Let's take a look at one of Magento's around plugin implementations, the one specified in the <MAGENTO_DIR>module-grouped-product/etc/di.xml file:

<type name="Magento\Catalog\Model\ResourceModel\Product\Link">
<plugin name="groupedProductLinkProcessor" type="Magento\GroupedProduct\Model\ResourceModel\Product\Link\RelationPersister" />
</type>

The original method of this plugin is targeting the deleteProductLink method of the Magento\Catalog\Model\ResourceModel\Product\Link class:

public function deleteProductLink($linkId) {
return $this->getConnection()
->delete($this->getMainTable(), ['link_id = ?' => $linkId]);
}

The implementation of the around plugin is provided via the aroundDeleteProductLink method of the Magento\GroupedProduct\Model\ResourceModel\Product\Link\RelationPersister class, as per the following partial example:

public function aroundDeleteProductLink(
\Magento\GroupedProduct\Model\ResourceModel\Product\Link $subject,
\Closure $proceed, $linkId) {
// The rest of the code...
$result = $proceed($linkId);
// The rest of the code...
return $result;
}

The after plugin

The after plugin, as its name suggests, runs after the observed method.

When writing the after plugin, there are a few key points to remember:

  1. The first parameter coming into the plugin is an observed type instance.
  2. The second parameter coming into the plugin is the result of the observed method, often called $result or called after the variable returned from the observed method (as in the following example: $data).
  3. All other parameters are parameters of the observed method.
  4. The plugin must return the same $result|$data variable of the same type, as we are free to modify the value.

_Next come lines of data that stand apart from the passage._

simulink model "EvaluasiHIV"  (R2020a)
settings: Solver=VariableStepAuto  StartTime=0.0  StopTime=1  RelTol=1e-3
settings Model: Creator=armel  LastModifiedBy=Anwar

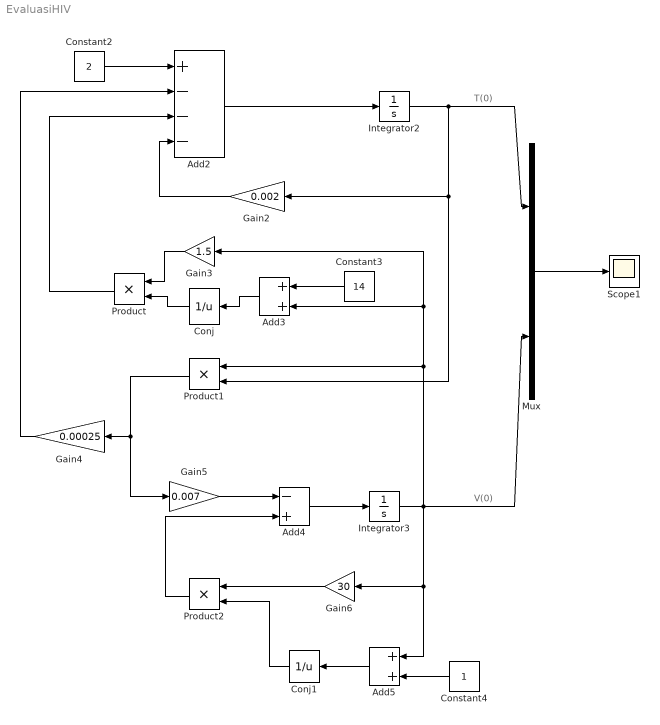
== system EvaluasiHIV ==
  note: V(0)
  note: T(0)
  Add2 : Sum  Inputs=+---
  Add3 : Sum
  Add4 : Sum  Inputs=-+
  Add5 : Sum
  Conj : Math  Operator=reciprocal  SaturateOnIntegerOverflow=on
  Conj1 : Math  Operator=reciprocal  SaturateOnIntegerOverflow=on
  Constant2 : Constant  Value=2
  Constant3 : Constant  Value=14
  Constant4 : Constant
  Gain2 : Gain  Gain=0.002
  Gain3 : Gain  Gain=1.5
  Gain4 : Gain  Gain=0.00025
  Gain5 : Gain  Gain=0.007
  Gain6 : Gain  Gain=30
  Integrator2 : Integrator  InitialCondition=1000
  Integrator3 : Integrator  InitialCondition=1000
  Mux : Mux  Inputs=2
  Product : Product
  Product1 : Product
  Product2 : Product
  Scope1 : Scope
  wires:
  Constant2/1 -> Add2/1
  Add2/1 -> Integrator2/1
  Integrator2/1 -> Product1/2, Gain2/1, Mux/1
  Gain2/1 -> Add2/4
  Constant3/1 -> Add3/1
  Gain3/1 -> Product/1
  Product/1 -> Add2/3
  Add3/1 -> Conj/1
  Conj/1 -> Product/2
  Product1/1 -> Gain5/1, Gain4/1
  Gain4/1 -> Add2/2
  Gain5/1 -> Add4/1
  Add4/1 -> Integrator3/1
  Integrator3/1 -> Gain3/1, Add3/2, Product1/1, Mux/2, Gain6/1, Add5/1
  Gain6/1 -> Product2/1
  Product2/1 -> Add4/2
  Conj1/1 -> Product2/2
  Add5/1 -> Conj1/1
  Constant4/1 -> Add5/2
  Mux/1 -> Scope1/1
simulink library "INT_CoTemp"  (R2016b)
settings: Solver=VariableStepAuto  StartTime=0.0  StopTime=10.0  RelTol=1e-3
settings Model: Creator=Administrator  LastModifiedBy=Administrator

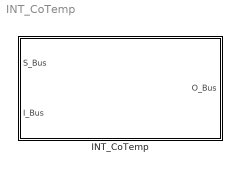
== system INT_CoTemp ==
  INT_CoTemp : Subsystem

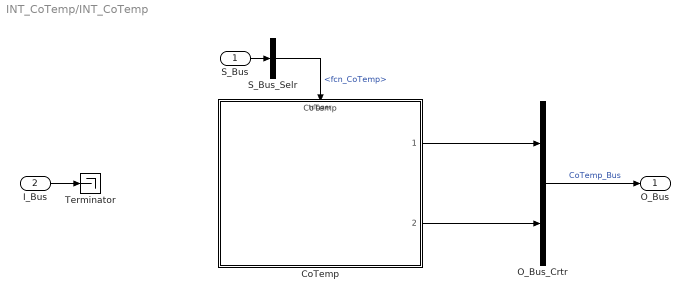
== system INT_CoTemp/INT_CoTemp ==
  S_Bus : Inport
  I_Bus : Inport  Port=2
  CoTemp : ModelReference  ModelNameDialog=CoTemp  SimulationMode=Normal  ModelReferenceVersion=1.2  TriggerPortName=function  TriggerPortTriggerType=function-call  TriggerPortStatesWhenEnabling=held
  O_Bus_Crtr : BusCreator  Inputs=2
  S_Bus_Selr : BusSelector  OutputSignals=fcn_CoTemp
  Terminator : Terminator
  O_Bus : Outport
  wires:
  S_Bus_Selr/1 -> CoTemp/Trigger  "<fcn_CoTemp>"
  S_Bus/1 -> S_Bus_Selr/1
  I_Bus/1 -> Terminator/1
  O_Bus_Crtr/1 -> O_Bus/1  "CoTemp_Bus"
  CoTemp/1 -> O_Bus_Crtr/1
  CoTemp/2 -> O_Bus_Crtr/2

Let's take a look at one of Magento's after plugin implementations, the one specified in the module-catalog/etc/di.xml file:

<type name="Magento\Indexer\Model\Config\Data">
<plugin name="indexerProductFlatConfigGet"
type="Magento\Catalog\Model\Indexer\Product\Flat\Plugin\IndexerConfigData" />
</type>

The original method this plugin is targeting is the get method of the Magento\Indexer\Model\Config\Data class:

public function get($path = null, $default = null) {
// The rest of the code...
return $data;
}

The implementation of the after plugin is provided via the afterGet method of the Magento\Catalog\Model\Indexer\Product\Flat\Plugin\IndexerConfigData class, as per the following partial example:

public function afterGet(Magento\Indexer\Model\Config\Data, $data, $path = null, $default = null) {
// The rest of the code...
return $data;
}

Special care should be taken when using plugins. While they provide great flexibility, they also make it easy to induce bugs, performance bottlenecks, and other less obvious types of instabilities – even more so if several plugins are observing the same method.